Kategorien bilden in der qualitativen Forschung
Dein Kategoriensystem entscheidet über die ganze Auswertung. Wie du Kategorien deduktiv aus der Theorie und induktiv aus dem Material bildest — mit mehrspaltigem Kodierleitfaden, durchgespieltem Grenzfall und fertigen Sätzen für deinen Methodenteil.
Du hast dein Interview transkribiert, gehst die Seiten durch und markierst, was zur Forschungsfrage passt. Nach einer Stunde hast du dreißig markierte Stellen und keinen blassen Schimmer, in welche Schubladen sie gehören. Und ob die Schubladen aus deinem Kopf kommen dürfen oder aus dem Text kommen müssen.
Wie bildest du Kategorien in der qualitativen Forschung?
Bei der deduktiven Kategorienbildung werden die Kategorien vor der Analyse aus Theorie, Fragestellung oder Interviewleitfaden festgelegt und an das Material angelegt. Bei der induktiven entstehen die Kategorien während der Analyse direkt aus dem Material. Beide Wege lassen sich auch kombinieren: die großen Hauptkategorien deduktiv, die feineren Unterkategorien induktiv.
Welchen Weg du wählst, entscheidet, was am Ende überhaupt in deinen Ergebnissen stehen kann, oder ob deine Betreuerin dir die Auswertung abnimmt oder nachhakt, warum du genau diese Kategorien genommen hast.
Warum das Kategoriensystem entscheidend ist
Die Kategorienbildung ist nur ein Schritt der qualitativen Inhaltsanalyse. Die ganze Methode (Ablaufmodell, Codieren, Güte) steht in den Grundlagen-Beiträgen zur Inhaltsanalyse nach Mayring und nach Kuckartz. Hier geht es allein um die Kategorienbildung.
Warum? Dein Kategoriensystem ist das Raster, mit dem du dein komplettes Material sortierst. Was zu welcher Kategorie gehört, entscheidest du nicht beim Lesen. Das legt ein Raster fest, das du vorher aufbaust und im Methodenteil offenlegst. Sitzt das Raster schief, ist jede Auswertung darauf schief.
Deduktive Kategorienbildung: aus der Theorie
Deduktiv arbeitest du von oben nach unten, von der Theorie zum Text. Du legst deine Kategorien fest, bevor du das Material durchgehst: aus deiner Fragestellung, deinem Interviewleitfaden oder dem theoretischen Rahmen deiner Arbeit. Das sind meist deine großen Hauptkategorien. Beim Codieren suchst du dann die Stellen, die dazu passen.

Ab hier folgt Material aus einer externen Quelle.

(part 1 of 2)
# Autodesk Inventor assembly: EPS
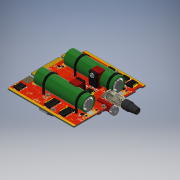
[picture p0: Inventor's stored thumbnail of the model, 180x180]
Saved by Autodesk Inventor 2018 (Build 220112000, 112)
## iProperties
Created: 2018-05-29
Part Number: EPS
Document SubType Name: Assembly
Designer: Bradley
Mass: 141.712 g
Surface Area: 416.928 cm^2
Volume: 50.0199 cm^3
Density: 2.83312 g/cm^3
Author: Bradley
## Documents named in this file (69)
- C:\Users\Bradley\Documents\GitHub\CougSat1-Hardware\CougSat1-PowerBoard\CADModel\Native\EPS.iam
- C:\Users\Bradley\Documents\GitHub\CougSat1-Hardware\CougSat1-PowerBoard\CADModel\Native\EPS_PCB.ipt
- C:\Users\Bradley\Documents\GitHub\Resources\SupplierDocuments\01 - Battery\01-0001\01-0001.ipt
- C:\Users\Bradley\Documents\GitHub\CougSat1-Hardware\CougSat1-PowerBoard\CADModel\Native\EPS_RBFPinHolder.ipt
- C:\Users\Bradley\Documents\GitHub\Resources\SupplierDocuments\25 - Resistor THT\25-10.0\25-10.0.ipt
- C:\Users\Bradley\Documents\GitHub\CougSat1-Hardware\CougSat1-PowerBoard\CADModel\Native\EPS_BatteryTab.ipt
- C:\Users\Bradley\Documents\GitHub\CougSat1-Hardware\CougSat1-PowerBoard\CADModel\Native\EPS_BatteyTie.ipt
- C:\Users\Bradley\Documents\GitHub\Resources\SupplierDocuments\04 - Connectors SMT\04-0004\04-0004.ipt
- C:\Users\Bradley\Documents\GitHub\CougSat1-Hardware\CougSat1-PowerBoard\CADModel\Native\EPS_BatteryHeatsink.ipt
- C:\Users\Bradley\Documents\GitHub\Resources\SupplierDocuments\48 - Hardware\48-0040\48-0040.ipt
- C:\Users\Bradley\Documents\GitHub\Resources\SupplierDocuments\48 - Hardware\48-0075\48-0075.ipt
- C:\Users\Bradley\Documents\GitHub\Resources\SupplierDocuments\48 - Hardware\48-0030\48-0030.ipt
- C:\Users\Bradley\Documents\GitHub\Resources\SupplierDocuments\49 - Electromechanical\49-0004\49-0004.ipt
- C:\Users\Bradley\Documents\GitHub\Resources\SupplierDocuments\04 - Connectors SMT\04-0001\04-0001.iam
- C:\Users\Bradley\Documents\GitHub\Resources\SupplierDocuments\04 - Connectors SMT\04-0007\04-0007.iam
- C:\Users\Bradley\Documents\GitHub\Resources\SupplierDocuments\05 - Connectors THT\05-0010\05-0010.iam
- C:\Users\Bradley\Documents\GitHub\Resources\SupplierDocuments\21 - Resistor 1608\21-0000\21-0000.ipt
- C:\Users\Bradley\Documents\GitHub\Resources\SupplierDocuments\21 - Resistor 1608\21-1201\21-1201.ipt
- C:\Users\Bradley\Documents\GitHub\Resources\SupplierDocuments\21 - Resistor 1608\21-1001\21-1001.ipt
- C:\Users\Bradley\Documents\GitHub\Resources\SupplierDocuments\21 - Resistor 1608\21-2201\21-2201.ipt
- C:\Users\Bradley\Documents\GitHub\Resources\SupplierDocuments\21 - Resistor 1608\21-4754\21-4754.ipt
- C:\Users\Bradley\Documents\GitHub\Resources\SupplierDocuments\21 - Resistor 1608\21-1002\21-1002.ipt
- C:\Users\Bradley\Documents\GitHub\Resources\SupplierDocuments\21 - Resistor 1608\21-1500\21-1500.ipt
- C:\Users\Bradley\Documents\GitHub\Resources\SupplierDocuments\21 - Resistor 1608\21-1583\21-1583.ipt
- C:\Users\Bradley\Documents\GitHub\Resources\SupplierDocuments\21 - Resistor 1608\21-3300\21-3300.ipt
- C:\Users\Bradley\Documents\GitHub\Resources\SupplierDocuments\21 - Resistor 1608\21-3603\21-3603.ipt
- C:\Users\Bradley\Documents\GitHub\Resources\SupplierDocuments\21 - Resistor 1608\21-4700\21-4700.ipt
- C:\Users\Bradley\Documents\GitHub\Resources\SupplierDocuments\21 - Resistor 1608\21-5363\21-5363.ipt
- C:\Users\Bradley\Documents\GitHub\Resources\SupplierDocuments\21 - Resistor 1608\21-6203\21-6203.ipt
- C:\Users\Bradley\Documents\GitHub\Resources\SupplierDocuments\21 - Resistor 1608\21-7500\21-7500.ipt
- C:\Users\Bradley\Documents\GitHub\Resources\SupplierDocuments\26 - Resistor Misc\26-0007\26-0007.ipt
- C:\Users\Bradley\Documents\GitHub\Resources\SupplierDocuments\26 - Resistor Misc\26-0000\26-0000.ipt
- C:\Users\Bradley\Documents\GitHub\Resources\SupplierDocuments\26 - Resistor Misc\26-0001\26-0001.ipt
- C:\Users\Bradley\Documents\GitHub\Resources\SupplierDocuments\26 - Resistor Misc\26-0008\26-0008.ipt
- C:\Users\Bradley\Documents\GitHub\Resources\SupplierDocuments\11 - Capacitor Ceramic 1608\11-105A\11-105A.ipt
- C:\Users\Bradley\Documents\GitHub\Resources\SupplierDocuments\16 - Capacitor Tantalum SMT\16-475A\16-475A.ipt
- C:\Users\Bradley\Documents\GitHub\Resources\SupplierDocuments\11 - Capacitor Ceramic 1608\11-4.7A\11-4.7A.ipt
- C:\Users\Bradley\Documents\GitHub\Resources\SupplierDocuments\11 - Capacitor Ceramic 1608\11-8.0A\11-8.0A.ipt
- C:\Users\Bradley\Documents\GitHub\Resources\SupplierDocuments\11 - Capacitor Ceramic 1608\11-106A\11-106A.ipt
- C:\Users\Bradley\Documents\GitHub\Resources\SupplierDocuments\11 - Capacitor Ceramic 1608\11-103A\11-103A.ipt
- C:\Users\Bradley\Documents\GitHub\Resources\SupplierDocuments\11 - Capacitor Ceramic 1608\11-150A\11-150A.ipt
- C:\Users\Bradley\Documents\GitHub\Resources\SupplierDocuments\11 - Capacitor Ceramic 1608\11-104A\11-104A.ipt
- C:\Users\Bradley\Documents\GitHub\Resources\SupplierDocuments\11 - Capacitor Ceramic 1608\11-471A\11-471A.ipt
- C:\Users\Bradley\Documents\GitHub\Resources\SupplierDocuments\34 - Inductor 3225 and larger\34-472A\34-472A.ipt
- C:\Users\Bradley\Documents\GitHub\Resources\SupplierDocuments\40 - Crystal SMT\40-805A\40-805A.ipt
- C:\Users\Bradley\Documents\GitHub\Resources\SupplierDocuments\23 - Resistor 3216\23-0.01\23-0.01.ipt
- C:\Users\Bradley\Documents\GitHub\Resources\SupplierDocuments\23 - Resistor 3216\23-12m0\23-12m0.ipt
- C:\Users\Bradley\Documents\GitHub\Resources\SupplierDocuments\40 - Crystal SMT\40-323A\40-323A.ipt
- C:\Users\Bradley\Documents\GitHub\Resources\SupplierDocuments\16 - Capacitor Tantalum SMT\16-227A\16-227A.ipt
- C:\Users\Bradley\Documents\GitHub\Resources\SupplierDocuments\27 - Conversion IC\27-0003\27-0003.ipt
- C:\Users\Bradley\Documents\GitHub\Resources\SupplierDocuments\27 - Conversion IC\27-0004\27-0004.ipt
- C:\Users\Bradley\Documents\GitHub\Resources\SupplierDocuments\08 - Amplifier (excluding RF)\08-0002\08-0002.ipt
- C:\Users\Bradley\Documents\GitHub\Resources\SupplierDocuments\60 - Power IC\60-0006\60-0006.ipt
- C:\Users\Bradley\Documents\GitHub\Resources\SupplierDocuments\56 - Transistor FET\56-0002\56-0002.ipt
- C:\Users\Bradley\Documents\GitHub\Resources\SupplierDocuments\56 - Transistor FET\56-0007\56-0007.ipt
- C:\Users\Bradley\Documents\GitHub\Resources\SupplierDocuments\56 - Transistor FET\56-0005\56-0005.ipt
- C:\Users\Bradley\Documents\GitHub\Resources\SupplierDocuments\63 - LED SMT\63-0001\63-0001.ipt
- C:\Users\Bradley\Documents\GitHub\Resources\SupplierDocuments\08 - Amplifier (excluding RF)\08-0003\08-0003.ipt
- C:\Users\Bradley\Documents\GitHub\Resources\SupplierDocuments\60 - Power IC\60-0015\60-0015.ipt
- C:\Users\Bradley\Documents\GitHub\Resources\SupplierDocuments\51 - Diode Schottky\51-0002\51-0002.ipt
- C:\Users\Bradley\Documents\GitHub\Resources\SupplierDocuments\51 - Diode Schottky\51-0001\51-0001.ipt
- C:\Users\Bradley\Documents\GitHub\Resources\SupplierDocuments\61 - µController (and CLPD, FPGA,  etc.)\61-0002\61-0002.ipt
- C:\Users\Bradley\Documents\GitHub\Resources\SupplierDocuments\60 - Power IC\60-0014\60-0014.ipt
- C:\Users\Bradley\Documents\GitHub\Resources\SupplierDocuments\60 - Power IC\60-0004\60-0004.ipt
- C:\Users\Bradley\Documents\GitHub\Resources\SupplierDocuments\09 - Communication IC\09-0001\09-0001.ipt
- C:\Users\Bradley\Documents\GitHub\Resources\SupplierDocuments\13 - Capacitor Ceramic 3216\13-106A\13-106A.ipt
- C:\Users\Bradley\Documents\GitHub\Resources\SupplierDocuments\36 - Ferrite\36-152A\36-152A.ipt
- C:\Users\Bradley\Documents\GitHub\CougSat1-Hardware\CougSat1-PowerBoard\CADModel\Native\EPS_RegulatorHeatsink-A.ipt
- C:\Users\Bradley\Documents\GitHub\CougSat1-Hardware\CougSat1-PowerBoard\CADModel\Native\EPS_RegulatorHeatsink-B.ipt
## Components (388 placed, 68 different names)
1. 36-152A:1 — Mate:1417, Mate:1418, Mate:1419
2. 13-106A:8 — Mate:1406, Mate:1416, Flush:1332
3. 13-106A:7 — Mate:1405, Mate:1414, Mate:1415
4. 13-106A:6 — Mate:1404, Mate:1413, Flush:1331
5. 13-106A:5 — Mate:1403, Mate:1412, Flush:1330
6. 13-106A:4 — Mate:1402, Mate:1411, Flush:1329
7. 13-106A:3 — Mate:1401, Mate:1409, Mate:1410
8. 13-106A:2 — Mate:1400, Mate:1408, Flush:1328
9. 13-106A:1 — Mate:1399, Mate:1407, Flush:1327
10. 09-0001:5 — Mate:1392, Flush:1325, Flush:1326
11. 09-0001:4 — Mate:1391, Flush:1323, Flush:1324
12. 09-0001:3 — Mate:1390, Flush:1321, Flush:1322
13. 09-0001:2 — Mate:1389, Mate:1397, Mate:1398
14. 09-0001:1 — Mate:1388, Mate:1395, Mate:1396
15. 60-0004:2 — Mate:1387, Flush:1320, Mate:1394
16. 60-0004:1 — Mate:1386, Flush:1319, Mate:1393
17. 60-0014:26 — Mate:1313, Flush:1318, Mate:1385
18. 60-0014:25 — Mate:1314, Flush:1317, Mate:1384
19. 60-0014:24 — Mate:1315, Mate:1382, Mate:1383
20. 60-0014:23 — Mate:1316, Flush:1316, Mate:1381
21. 60-0014:22 — Mate:1317, Flush:1315, Mate:1380
22. 60-0014:21 — Mate:1318, Mate:1378, Mate:1379
23. 60-0014:20 — Mate:1319, Mate:1376, Mate:1377
24. 60-0014:19 — Mate:1320, Mate:1374, Mate:1375
25. 60-0014:18 — Mate:1321, Mate:1372, Mate:1373
26. 60-0014:17 — Mate:1322, Mate:1370, Mate:1371
27. 60-0014:16 — Mate:1323, Mate:1368, Mate:1369
28. 60-0014:15 — Mate:1324, Mate:1366, Mate:1367
29. 60-0014:14 — Mate:1325, Mate:1364, Mate:1365
30. 60-0014:13 — Mate:1326, Mate:1362, Mate:1363
31. 60-0014:12 — Mate:1327, Mate:1360, Mate:1361
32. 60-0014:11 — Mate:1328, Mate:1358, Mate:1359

- Vorteil: Du weißt von Anfang an, wonach du suchst.
- Nachteil: Du siehst nur, was dein Raster hergibt.
Das Werkzeug dahinter ist der Kodierleitfaden. Für jede Kategorie hältst du drei Dinge fest:
- Definition: Was fällt unter diese Kategorie, was nicht?
- Ankerbeispiel: Eine echte Textstelle, die typisch dafür ist. Sie darf auch aus fremdem Material zum selben Thema stammen; dein eigener Fall muss nicht jede Ausprägung hergeben.
- Kodierregel: Die Abgrenzung für den Zweifelsfall. Wann gehört eine Stelle in diese Kategorie und nicht in die Nachbarkategorie?
Die Kodierregel ist der Knackpunkt. Mit einer einzigen Kategorie ist sie sinnlos; sie lebt erst, wenn zwei Kategorien aneinandergrenzen. Deshalb baust du den Leitfaden immer als System, nicht Kategorie für Kategorie.

So sieht ein Kodierleitfaden für drei Kategorien konkret aus, hier aus einer Studie zum Umgang mit Prüfungsstress. Achte auf die Kodierregeln: Jede grenzt gegen ihre Nachbarn ab.
| Kategorie | Definition | Ankerbeispiel | Kodierregel (Abgrenzung) |
|---|---|---|---|
| K1 · Emotionsregulation | Umgang mit dem Gefühl, das die Prüfung auslöst: beruhigen, ablenken, abbauen | „Wenn ich merke, ich dreh durch, geh ich ne Runde laufen." | Nur, wenn es ums Gefühl geht. Geht es ums Einteilen des Stoffs → K2; ist eine andere Person die Quelle → K3 |
| K2 · Lernorganisation | Planen, Strukturieren und Einteilen des Lernstoffs und der Zeit | „Ich mach mir zwei Wochen vorher einen festen Lernplan." | Wenn Stoff, Zeit oder Plan im Vordergrund stehen, nicht das Gefühl (→ K1) |
| K3 · soziale Unterstützung | Rückhalt oder Hilfe durch andere Personen | „Ich telefonier mit meiner Schwester, die kennt das." | Wenn die andere Person die Entlastung ist. Steht das gemeinsame Bearbeiten des Stoffs im Vordergrund → K2 |
Dazu gehört eine ehrliche Restkategorie wie „Sonstiges". Nicht jede Stelle passt sauber, und das offen auszuweisen spricht für saubere Arbeit. Ein Ankerbeispiel darf übrigens auch aus fremdem Material zum selben Thema stammen; dein eigener Fall muss nicht jede Ausprägung hergeben.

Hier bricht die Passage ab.